Fuber, Screwber, Shoober, Moober (fat money cow)


----------



## SafeT (Nov 23, 2015)

I'm sure 2016 will bring Uber to new heights on that chart. Just a matter of time until other attorneys in different states follow CA leads on the class actions.


----------



## Bart McCoy (Nov 4, 2014)

well in Uber's defense, it is the biggest out of all those listed. Big companies get lawsuits all time. It'll only be a problem if Uber loses. Or 100's more crop up and Uber loses money just trying to defend them....

So I wonder who and what was the first lawsuit against Uber in 2012?


----------



## iamkitkatbar (Nov 17, 2015)

at least 2$ a mile with GAS PRICES BEING 3$ OR MORE in California


----------



## stuber (Jun 30, 2014)

chi1cabby said:


> *http://fusion.net/story/257423/ever...tter&utm_medium=social&utm_campaign=FusionRSS*
> 
> View attachment 25153


Thanks. Another good article post.


----------



## stuber (Jun 30, 2014)

But really...they just continue to appeal and counter sue. Someone correct me, but I don't know if Uber ever actually paid damages for the death of the little girl in SF.


----------



## chi1cabby (May 28, 2014)

stuber said:


> Someone correct me, but I don't know if Uber ever actually paid damages for the death of the little girl in SF.


Uber reached a settlement of Undisclosed Amount with the family in the Lawsuit over Sofia Liu's death:
*Uber settles lawsuit in San Francisco car crash.*

But in turn Uber was sued by it's business insurer over the settlement claim:
*Uber's Corporate Insurer Sues Uber Over Sofia Liu Settlement*


----------



## stuber (Jun 30, 2014)

Typical. It would be interesting to know which party wanted the Liu settlement "undisclosed?"


----------



## MBENZ_GUY (May 13, 2015)

chi1cabby said:


> Uber reached a settlement of Undisclosed Amount with the family in the Lawsuit over Sofia Liu's death:
> *Uber settles lawsuit in San Francisco car crash.*
> 
> But in turn Uber was sued by it's business insurer over the settlement claim:
> *Uber's Corporate Insurer Sues Uber Over Sofia Liu Settlement*


Hey Chi1cabby, weren't you the guy that said if you opt out Uber will not retaliate?


----------



## chi1cabby (May 28, 2014)

MBENZ_GUY said:


> Hey Chi1cabby, weren't you the guy that said if you opt out Uber will not retaliate?


Yes. 
Uber is legally bound not to retaliate against Drivers for opting out of Binding Arbitration.
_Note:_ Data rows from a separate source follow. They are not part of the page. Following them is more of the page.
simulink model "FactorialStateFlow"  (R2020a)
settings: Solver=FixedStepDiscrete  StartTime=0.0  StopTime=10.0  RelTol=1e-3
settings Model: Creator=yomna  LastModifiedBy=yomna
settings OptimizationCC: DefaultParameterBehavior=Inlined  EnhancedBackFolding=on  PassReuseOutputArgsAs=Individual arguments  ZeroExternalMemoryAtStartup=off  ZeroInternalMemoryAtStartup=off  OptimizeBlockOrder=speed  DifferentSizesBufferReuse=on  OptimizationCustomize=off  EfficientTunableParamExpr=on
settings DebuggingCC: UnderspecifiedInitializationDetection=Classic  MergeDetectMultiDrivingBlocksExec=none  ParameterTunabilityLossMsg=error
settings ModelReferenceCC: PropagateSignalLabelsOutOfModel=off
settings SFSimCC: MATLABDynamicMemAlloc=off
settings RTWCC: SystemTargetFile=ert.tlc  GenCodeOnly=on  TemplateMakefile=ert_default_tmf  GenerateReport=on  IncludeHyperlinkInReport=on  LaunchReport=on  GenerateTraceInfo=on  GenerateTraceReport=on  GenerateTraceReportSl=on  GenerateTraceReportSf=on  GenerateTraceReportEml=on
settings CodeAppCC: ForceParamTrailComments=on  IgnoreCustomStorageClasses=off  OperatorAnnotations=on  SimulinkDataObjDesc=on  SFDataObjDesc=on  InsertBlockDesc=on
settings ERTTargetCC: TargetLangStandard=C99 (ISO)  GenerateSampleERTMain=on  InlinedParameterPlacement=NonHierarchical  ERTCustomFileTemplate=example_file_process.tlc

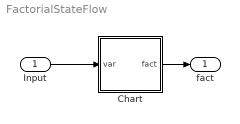
== system FactorialStateFlow ==
  Input : Inport
  Chart : Stateflow chart  TreatAsAtomicUnit=on
  fact : Outport
  wires:
  Chart/1(fact) -> fact/1
  Input/1 -> Chart/1(var)

== stateflow chart FactorialStateFlow/Chart ==
  (default) -> (junction 8)
  (junction 8) -> (junction 10) : {fact=1; counter=var;}
  (junction 10) -> (junction 9) [order 1] : [counter>1]
  (junction 12) -> (junction 10)
  (junction 9) -> (junction 11) : {fact=fact*counter}
  (junction 10) -> (junction 13) [order 2]
  (junction 11) -> (junction 12) : {counter = counter - 1;}
  data: var input uint8; fact output uint32; counter local uint8
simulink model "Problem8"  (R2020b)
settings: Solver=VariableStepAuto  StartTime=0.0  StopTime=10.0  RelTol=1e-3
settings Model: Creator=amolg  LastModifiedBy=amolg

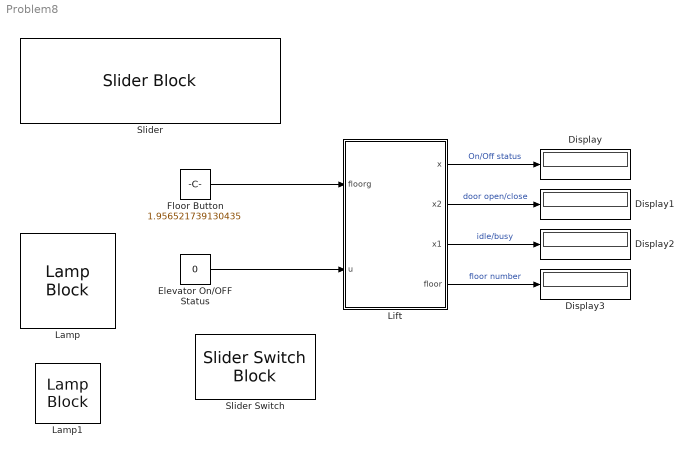
== system Problem8 ==
  Display{,1..3} (4 alike) : Display
  Elevator On/OFF Status : Constant  Value=0
  Floor Button : Constant  Value=1.956521739130435
  Lamp : LampBlock
  Lamp1 : LampBlock
  Lift : Stateflow chart  TreatAsAtomicUnit=on
  Slider : SliderBlock  ScaleMax=5  TickInterval=1
  Slider Switch : SliderSwitchBlock
      settings: Values={{'Off', 'On'}, [0 1]}
  wires:
  Lift/1(x) -> Display/1  "On/Off status"
  Lift/2(x2) -> Display1/1  "door open/close"
  Lift/4(floor) -> Display3/1  "floor number"
  Floor Button/1 -> Lift/1(floorg)
  Elevator On/OFF Status/1 -> Lift/2(u)
  Lift/3(x1) -> Display2/1  "idle/busy"

== stateflow chart Problem8/Lift ==
  state Elevator_on
    entry: x=1;
    note: [floorb<floor]{y1= 1 }
    state DOWN
      entry:
      floor=floor-1;
    state Delay1
      entry:
      floor=floor-1;
    state Idle_state
      entry: x1=0;
    state UP
      entry:
      floor=floor+1;
    state Delay
      entry:
      floor=floor+1;
    state Door_open1
      entry:
      x2=1;
    state Door_close1
      entry:
      x2=0;
    state Door_open
      entry:
      x2=1;
    state Door_close
      entry:
      x2=0;
    (default) -> Idle_state
    DOWN -> Delay1 [order 1] : [floorg<floor]
    Idle_state -> DOWN [order 2]
    Delay1 -> DOWN [order 1] : [floorg<floor]
    Idle_state -> UP [order 1] : [floorg>floor]{x1=1}
    DOWN -> Door_open1 [order 2] : [floorg==floor]
    Delay1 -> Door_open1 [order 2] : [floor==floorg]
    Delay -> UP [order 1] : [floorg>floor]
    UP -> Delay [order 1] : [floorg>floor]
    UP -> Door_open [order 2] : [floorg==floor]
    Delay -> Door_open [order 2] : [floor==floorg]
    Door_open1 -> Door_close1 : [after(5,sec)]
    Door_open -> Door_close : [after(5,sec)]
  state Elevator_off
    entry: x=0;
  (default) -> Elevator_on
  Elevator_on -> Elevator_off : [u==0]
  Elevator_off -> Elevator_on : [u==1]
  data: floorg input [0..5]; u input; x output [0..1]; x2 output [0..1]; x1 output [0..1]; floor output [0..5] =0

*New Partner Agreement, Binding Arbitration Provision, Opting Out & UberLAWSUIT Explained*


----------



## MBENZ_GUY (May 13, 2015)

chi1cabby said:


> Yes.
> Uber is legally bound not to retaliate against Drivers for opting out of Binding Arbitration.
> 
> *New Partner Agreement, Binding Arbitration Provision, Opting Out & UberLAWSUIT Explained*


Hmmm ...doesn't sound like they're keeping their end of the bargin.


----------



## chi1cabby (May 28, 2014)

MBENZ_GUY said:


> Hmmm ...doesn't sound like they're keeping their end of the bargin.


I would like to know more about this.
Please post about your experience on Uber retaliating against Drivers for opting out of Binding Arbitration on this thread:

*Have you received "Account at Risk" warning after Opting Out of Binding Arbitration?*


----------



## UberHammer (Dec 5, 2014)

"Uber.... pissing people off since 2012"


----------



## observer (Dec 11, 2014)

Every single driver that quits or drops to one ride a month should put in a claim with their states unemployment division.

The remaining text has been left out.